The problem:
Line by line, check the data for the string "from" and state how many lines have it, nothing more.

Source records:
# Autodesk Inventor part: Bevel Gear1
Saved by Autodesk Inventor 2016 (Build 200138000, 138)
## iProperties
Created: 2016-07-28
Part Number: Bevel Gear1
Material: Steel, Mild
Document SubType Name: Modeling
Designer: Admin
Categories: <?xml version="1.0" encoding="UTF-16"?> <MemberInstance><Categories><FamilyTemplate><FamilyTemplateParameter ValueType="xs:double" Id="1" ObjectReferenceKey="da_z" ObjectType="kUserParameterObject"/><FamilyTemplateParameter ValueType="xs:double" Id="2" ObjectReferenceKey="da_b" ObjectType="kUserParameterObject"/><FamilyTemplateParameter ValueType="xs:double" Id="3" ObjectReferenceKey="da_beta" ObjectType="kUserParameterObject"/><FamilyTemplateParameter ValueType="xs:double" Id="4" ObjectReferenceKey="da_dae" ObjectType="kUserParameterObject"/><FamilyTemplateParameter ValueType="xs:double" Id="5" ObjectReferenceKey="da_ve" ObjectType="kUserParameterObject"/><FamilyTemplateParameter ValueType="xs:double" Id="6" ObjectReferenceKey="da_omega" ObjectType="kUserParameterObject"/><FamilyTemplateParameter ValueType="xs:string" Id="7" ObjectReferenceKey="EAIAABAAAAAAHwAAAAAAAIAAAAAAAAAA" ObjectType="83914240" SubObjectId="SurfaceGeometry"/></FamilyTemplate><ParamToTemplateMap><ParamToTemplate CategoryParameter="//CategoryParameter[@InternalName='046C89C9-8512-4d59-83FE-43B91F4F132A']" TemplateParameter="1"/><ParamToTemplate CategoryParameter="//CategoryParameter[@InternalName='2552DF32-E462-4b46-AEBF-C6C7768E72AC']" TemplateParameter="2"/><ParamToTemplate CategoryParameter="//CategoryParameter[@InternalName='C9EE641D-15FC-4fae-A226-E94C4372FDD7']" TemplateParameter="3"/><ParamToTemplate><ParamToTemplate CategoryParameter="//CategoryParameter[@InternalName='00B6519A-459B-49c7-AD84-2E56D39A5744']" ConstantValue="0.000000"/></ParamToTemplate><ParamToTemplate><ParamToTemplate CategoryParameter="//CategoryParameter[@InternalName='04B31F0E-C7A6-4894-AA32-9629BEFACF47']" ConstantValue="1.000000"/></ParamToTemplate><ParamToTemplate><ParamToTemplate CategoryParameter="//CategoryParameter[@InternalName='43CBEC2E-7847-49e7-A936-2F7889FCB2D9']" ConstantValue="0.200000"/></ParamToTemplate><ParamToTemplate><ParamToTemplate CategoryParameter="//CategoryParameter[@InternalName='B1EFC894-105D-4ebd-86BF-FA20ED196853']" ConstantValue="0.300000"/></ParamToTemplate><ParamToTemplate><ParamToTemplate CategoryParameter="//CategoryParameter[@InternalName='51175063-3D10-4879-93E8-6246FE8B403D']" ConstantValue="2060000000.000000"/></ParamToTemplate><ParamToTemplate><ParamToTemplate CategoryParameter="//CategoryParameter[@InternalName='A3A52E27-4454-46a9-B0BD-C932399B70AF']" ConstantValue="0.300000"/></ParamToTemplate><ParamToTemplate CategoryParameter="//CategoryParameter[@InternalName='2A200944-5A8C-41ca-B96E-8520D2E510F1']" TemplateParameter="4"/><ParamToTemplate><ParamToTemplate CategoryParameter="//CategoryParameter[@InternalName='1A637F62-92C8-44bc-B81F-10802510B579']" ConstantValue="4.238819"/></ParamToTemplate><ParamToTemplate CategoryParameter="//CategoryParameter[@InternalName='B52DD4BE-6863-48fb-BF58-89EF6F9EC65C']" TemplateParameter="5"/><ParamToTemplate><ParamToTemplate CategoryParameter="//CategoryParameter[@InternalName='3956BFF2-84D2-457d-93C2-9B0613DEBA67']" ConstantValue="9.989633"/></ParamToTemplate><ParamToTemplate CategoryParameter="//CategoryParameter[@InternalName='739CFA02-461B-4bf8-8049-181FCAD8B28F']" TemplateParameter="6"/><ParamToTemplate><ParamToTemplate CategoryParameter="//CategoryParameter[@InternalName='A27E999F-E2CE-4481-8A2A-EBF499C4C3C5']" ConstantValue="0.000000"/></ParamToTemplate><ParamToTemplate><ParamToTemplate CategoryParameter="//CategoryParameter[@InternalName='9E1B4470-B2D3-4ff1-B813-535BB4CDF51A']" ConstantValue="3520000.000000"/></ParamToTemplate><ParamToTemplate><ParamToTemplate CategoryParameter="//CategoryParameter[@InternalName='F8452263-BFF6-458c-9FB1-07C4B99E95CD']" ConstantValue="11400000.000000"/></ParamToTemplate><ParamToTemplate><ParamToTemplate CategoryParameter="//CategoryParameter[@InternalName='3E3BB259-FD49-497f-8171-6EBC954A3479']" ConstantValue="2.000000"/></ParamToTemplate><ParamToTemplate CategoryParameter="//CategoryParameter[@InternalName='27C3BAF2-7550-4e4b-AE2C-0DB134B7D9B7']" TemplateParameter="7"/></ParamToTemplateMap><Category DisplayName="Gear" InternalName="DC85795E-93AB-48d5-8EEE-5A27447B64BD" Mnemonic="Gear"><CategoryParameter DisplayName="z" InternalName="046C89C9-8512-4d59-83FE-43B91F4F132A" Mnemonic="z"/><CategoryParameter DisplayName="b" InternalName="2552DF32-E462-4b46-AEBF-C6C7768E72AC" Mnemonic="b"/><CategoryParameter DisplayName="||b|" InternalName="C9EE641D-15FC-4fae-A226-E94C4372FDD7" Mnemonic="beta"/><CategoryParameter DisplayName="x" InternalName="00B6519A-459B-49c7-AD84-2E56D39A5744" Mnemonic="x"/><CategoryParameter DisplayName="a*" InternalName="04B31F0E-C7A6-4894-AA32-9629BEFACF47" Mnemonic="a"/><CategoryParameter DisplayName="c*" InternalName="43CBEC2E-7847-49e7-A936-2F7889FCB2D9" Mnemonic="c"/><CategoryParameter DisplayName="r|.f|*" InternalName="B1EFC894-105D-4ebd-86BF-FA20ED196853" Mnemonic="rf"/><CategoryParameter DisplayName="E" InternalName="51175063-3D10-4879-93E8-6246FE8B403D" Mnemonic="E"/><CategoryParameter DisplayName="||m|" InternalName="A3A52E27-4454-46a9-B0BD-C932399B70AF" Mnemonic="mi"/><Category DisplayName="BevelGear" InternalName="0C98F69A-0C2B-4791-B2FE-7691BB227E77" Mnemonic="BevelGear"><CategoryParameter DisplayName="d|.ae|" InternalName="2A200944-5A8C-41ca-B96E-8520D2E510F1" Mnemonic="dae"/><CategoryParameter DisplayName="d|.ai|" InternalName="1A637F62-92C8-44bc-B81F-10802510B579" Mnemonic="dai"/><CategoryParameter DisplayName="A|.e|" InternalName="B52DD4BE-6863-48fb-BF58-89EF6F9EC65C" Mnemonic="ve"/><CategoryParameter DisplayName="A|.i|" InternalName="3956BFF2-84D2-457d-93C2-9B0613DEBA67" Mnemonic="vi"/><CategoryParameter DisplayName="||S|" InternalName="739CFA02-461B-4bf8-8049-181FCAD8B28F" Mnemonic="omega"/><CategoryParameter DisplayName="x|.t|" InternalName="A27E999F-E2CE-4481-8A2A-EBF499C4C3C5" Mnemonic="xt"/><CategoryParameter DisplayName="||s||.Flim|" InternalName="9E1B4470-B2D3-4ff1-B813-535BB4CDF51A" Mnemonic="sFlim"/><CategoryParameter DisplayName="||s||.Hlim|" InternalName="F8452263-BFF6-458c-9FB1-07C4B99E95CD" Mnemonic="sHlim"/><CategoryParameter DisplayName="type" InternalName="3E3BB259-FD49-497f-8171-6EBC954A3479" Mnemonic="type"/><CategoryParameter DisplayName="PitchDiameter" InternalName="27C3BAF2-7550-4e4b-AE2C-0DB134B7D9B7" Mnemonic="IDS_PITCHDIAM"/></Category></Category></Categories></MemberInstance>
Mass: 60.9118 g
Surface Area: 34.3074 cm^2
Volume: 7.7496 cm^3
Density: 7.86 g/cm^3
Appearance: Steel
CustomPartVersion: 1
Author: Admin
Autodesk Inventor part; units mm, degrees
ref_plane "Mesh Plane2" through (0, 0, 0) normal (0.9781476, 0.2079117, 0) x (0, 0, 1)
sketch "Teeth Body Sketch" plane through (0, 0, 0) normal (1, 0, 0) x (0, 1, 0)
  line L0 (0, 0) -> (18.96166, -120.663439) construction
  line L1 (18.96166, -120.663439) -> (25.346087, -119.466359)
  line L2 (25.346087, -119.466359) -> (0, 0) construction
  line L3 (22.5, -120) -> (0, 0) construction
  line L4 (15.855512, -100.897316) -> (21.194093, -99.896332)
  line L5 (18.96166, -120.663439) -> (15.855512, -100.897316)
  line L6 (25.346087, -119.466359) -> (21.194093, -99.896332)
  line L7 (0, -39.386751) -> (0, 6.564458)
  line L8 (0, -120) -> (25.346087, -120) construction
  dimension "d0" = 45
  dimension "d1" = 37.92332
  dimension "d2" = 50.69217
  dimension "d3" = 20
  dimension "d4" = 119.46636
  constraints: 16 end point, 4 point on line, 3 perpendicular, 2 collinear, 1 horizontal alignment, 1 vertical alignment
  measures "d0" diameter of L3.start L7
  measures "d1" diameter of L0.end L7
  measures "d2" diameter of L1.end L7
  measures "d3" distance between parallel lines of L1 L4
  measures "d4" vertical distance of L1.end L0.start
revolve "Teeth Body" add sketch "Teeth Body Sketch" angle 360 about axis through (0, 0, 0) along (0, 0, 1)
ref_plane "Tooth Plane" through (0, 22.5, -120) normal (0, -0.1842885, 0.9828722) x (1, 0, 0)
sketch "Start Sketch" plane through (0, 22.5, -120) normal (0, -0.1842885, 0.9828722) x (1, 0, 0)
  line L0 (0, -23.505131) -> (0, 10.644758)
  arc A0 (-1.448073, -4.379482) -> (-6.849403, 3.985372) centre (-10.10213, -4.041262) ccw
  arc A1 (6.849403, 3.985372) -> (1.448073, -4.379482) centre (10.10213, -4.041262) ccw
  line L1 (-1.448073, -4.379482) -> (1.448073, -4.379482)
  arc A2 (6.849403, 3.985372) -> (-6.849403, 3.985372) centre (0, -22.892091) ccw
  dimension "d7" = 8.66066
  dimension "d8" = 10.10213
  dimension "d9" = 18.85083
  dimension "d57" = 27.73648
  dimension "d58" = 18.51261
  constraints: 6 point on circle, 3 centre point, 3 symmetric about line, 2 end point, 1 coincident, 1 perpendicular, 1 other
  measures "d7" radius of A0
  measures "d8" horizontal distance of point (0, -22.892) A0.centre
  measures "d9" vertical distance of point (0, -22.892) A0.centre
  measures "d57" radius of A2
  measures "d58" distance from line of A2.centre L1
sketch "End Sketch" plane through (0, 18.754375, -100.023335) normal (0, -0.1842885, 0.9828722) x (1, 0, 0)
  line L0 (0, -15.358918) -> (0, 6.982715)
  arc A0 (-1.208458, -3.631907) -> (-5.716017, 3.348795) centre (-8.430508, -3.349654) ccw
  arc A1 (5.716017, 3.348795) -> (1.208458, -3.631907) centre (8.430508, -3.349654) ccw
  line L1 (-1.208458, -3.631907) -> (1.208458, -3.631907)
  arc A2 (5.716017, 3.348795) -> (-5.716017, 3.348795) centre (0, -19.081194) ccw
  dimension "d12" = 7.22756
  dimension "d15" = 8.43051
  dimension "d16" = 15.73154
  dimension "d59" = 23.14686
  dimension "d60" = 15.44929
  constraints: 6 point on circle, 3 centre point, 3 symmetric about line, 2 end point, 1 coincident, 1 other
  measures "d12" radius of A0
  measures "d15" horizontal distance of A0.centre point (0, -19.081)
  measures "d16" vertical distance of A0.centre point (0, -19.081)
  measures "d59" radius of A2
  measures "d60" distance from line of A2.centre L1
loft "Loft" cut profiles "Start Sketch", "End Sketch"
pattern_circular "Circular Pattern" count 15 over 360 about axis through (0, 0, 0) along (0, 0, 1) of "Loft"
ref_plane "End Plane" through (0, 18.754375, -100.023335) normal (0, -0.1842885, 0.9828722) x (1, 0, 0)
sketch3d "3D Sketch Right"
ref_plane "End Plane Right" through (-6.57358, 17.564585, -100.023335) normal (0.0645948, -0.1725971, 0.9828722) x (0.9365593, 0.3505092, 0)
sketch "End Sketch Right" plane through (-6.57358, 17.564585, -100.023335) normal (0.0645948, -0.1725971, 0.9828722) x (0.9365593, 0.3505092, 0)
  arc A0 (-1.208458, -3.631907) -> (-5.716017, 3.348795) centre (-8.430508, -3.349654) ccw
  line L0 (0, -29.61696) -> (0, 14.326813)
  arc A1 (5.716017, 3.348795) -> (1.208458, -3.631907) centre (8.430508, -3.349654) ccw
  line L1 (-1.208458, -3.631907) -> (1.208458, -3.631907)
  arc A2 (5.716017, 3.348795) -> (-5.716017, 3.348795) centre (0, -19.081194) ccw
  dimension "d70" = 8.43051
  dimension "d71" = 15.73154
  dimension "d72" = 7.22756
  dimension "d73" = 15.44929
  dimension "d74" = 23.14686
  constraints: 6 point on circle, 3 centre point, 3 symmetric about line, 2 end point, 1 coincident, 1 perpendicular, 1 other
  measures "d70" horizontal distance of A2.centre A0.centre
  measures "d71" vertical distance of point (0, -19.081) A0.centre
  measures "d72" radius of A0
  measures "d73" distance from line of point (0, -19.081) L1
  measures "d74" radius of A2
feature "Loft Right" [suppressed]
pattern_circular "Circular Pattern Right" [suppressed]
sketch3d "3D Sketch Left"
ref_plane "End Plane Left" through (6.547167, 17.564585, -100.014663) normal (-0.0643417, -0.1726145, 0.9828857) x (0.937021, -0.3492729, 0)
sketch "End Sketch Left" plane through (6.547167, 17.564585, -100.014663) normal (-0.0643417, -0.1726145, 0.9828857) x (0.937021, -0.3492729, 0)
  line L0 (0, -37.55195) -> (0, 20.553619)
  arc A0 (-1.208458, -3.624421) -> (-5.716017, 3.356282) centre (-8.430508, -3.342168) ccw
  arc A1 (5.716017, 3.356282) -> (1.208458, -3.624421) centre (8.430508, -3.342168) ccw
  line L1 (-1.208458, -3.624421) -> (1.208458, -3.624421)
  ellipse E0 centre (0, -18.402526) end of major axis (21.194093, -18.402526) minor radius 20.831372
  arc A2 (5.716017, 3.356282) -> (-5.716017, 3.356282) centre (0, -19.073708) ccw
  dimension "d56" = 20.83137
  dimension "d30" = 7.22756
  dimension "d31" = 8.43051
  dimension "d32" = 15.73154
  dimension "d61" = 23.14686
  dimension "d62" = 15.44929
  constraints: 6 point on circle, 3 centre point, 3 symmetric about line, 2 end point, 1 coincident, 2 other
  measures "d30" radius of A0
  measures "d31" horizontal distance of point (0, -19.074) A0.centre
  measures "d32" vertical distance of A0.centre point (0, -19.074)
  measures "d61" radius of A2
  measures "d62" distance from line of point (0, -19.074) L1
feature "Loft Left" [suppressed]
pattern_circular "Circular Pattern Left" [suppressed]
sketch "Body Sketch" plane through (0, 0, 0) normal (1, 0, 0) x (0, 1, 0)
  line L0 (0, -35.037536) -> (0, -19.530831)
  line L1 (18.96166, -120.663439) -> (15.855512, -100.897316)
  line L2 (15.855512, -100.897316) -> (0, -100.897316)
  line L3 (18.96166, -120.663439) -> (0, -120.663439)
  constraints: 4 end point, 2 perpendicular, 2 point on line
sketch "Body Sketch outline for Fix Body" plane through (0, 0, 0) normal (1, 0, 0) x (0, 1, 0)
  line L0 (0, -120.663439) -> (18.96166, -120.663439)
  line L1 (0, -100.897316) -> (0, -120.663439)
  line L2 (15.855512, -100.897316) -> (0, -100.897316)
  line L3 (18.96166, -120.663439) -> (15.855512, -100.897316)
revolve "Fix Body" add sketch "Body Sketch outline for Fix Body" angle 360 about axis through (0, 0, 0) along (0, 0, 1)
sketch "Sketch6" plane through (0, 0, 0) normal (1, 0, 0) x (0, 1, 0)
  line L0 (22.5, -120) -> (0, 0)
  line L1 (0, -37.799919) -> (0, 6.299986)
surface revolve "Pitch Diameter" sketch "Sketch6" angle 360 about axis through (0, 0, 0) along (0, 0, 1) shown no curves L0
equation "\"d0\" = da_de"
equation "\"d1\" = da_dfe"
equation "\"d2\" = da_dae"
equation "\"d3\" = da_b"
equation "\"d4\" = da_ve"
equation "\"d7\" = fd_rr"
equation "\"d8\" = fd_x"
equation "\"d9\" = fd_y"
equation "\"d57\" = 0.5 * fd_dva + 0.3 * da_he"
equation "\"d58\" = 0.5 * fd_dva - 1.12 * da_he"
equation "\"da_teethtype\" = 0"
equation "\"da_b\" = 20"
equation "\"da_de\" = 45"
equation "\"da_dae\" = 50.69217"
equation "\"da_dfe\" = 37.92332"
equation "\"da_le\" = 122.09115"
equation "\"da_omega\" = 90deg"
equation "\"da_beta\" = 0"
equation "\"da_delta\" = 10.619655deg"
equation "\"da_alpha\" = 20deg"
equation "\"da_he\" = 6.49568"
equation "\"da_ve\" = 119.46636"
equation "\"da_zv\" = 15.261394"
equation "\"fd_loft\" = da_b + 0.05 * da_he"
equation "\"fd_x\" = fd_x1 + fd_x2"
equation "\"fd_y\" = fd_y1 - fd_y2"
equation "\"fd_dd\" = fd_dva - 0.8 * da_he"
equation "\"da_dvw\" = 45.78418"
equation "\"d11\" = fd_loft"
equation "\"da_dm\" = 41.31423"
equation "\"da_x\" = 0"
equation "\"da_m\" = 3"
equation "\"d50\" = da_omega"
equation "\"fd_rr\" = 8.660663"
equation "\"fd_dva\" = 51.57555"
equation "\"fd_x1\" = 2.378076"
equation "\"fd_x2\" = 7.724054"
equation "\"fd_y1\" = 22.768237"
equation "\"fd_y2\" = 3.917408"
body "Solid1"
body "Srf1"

Solution for this task:
4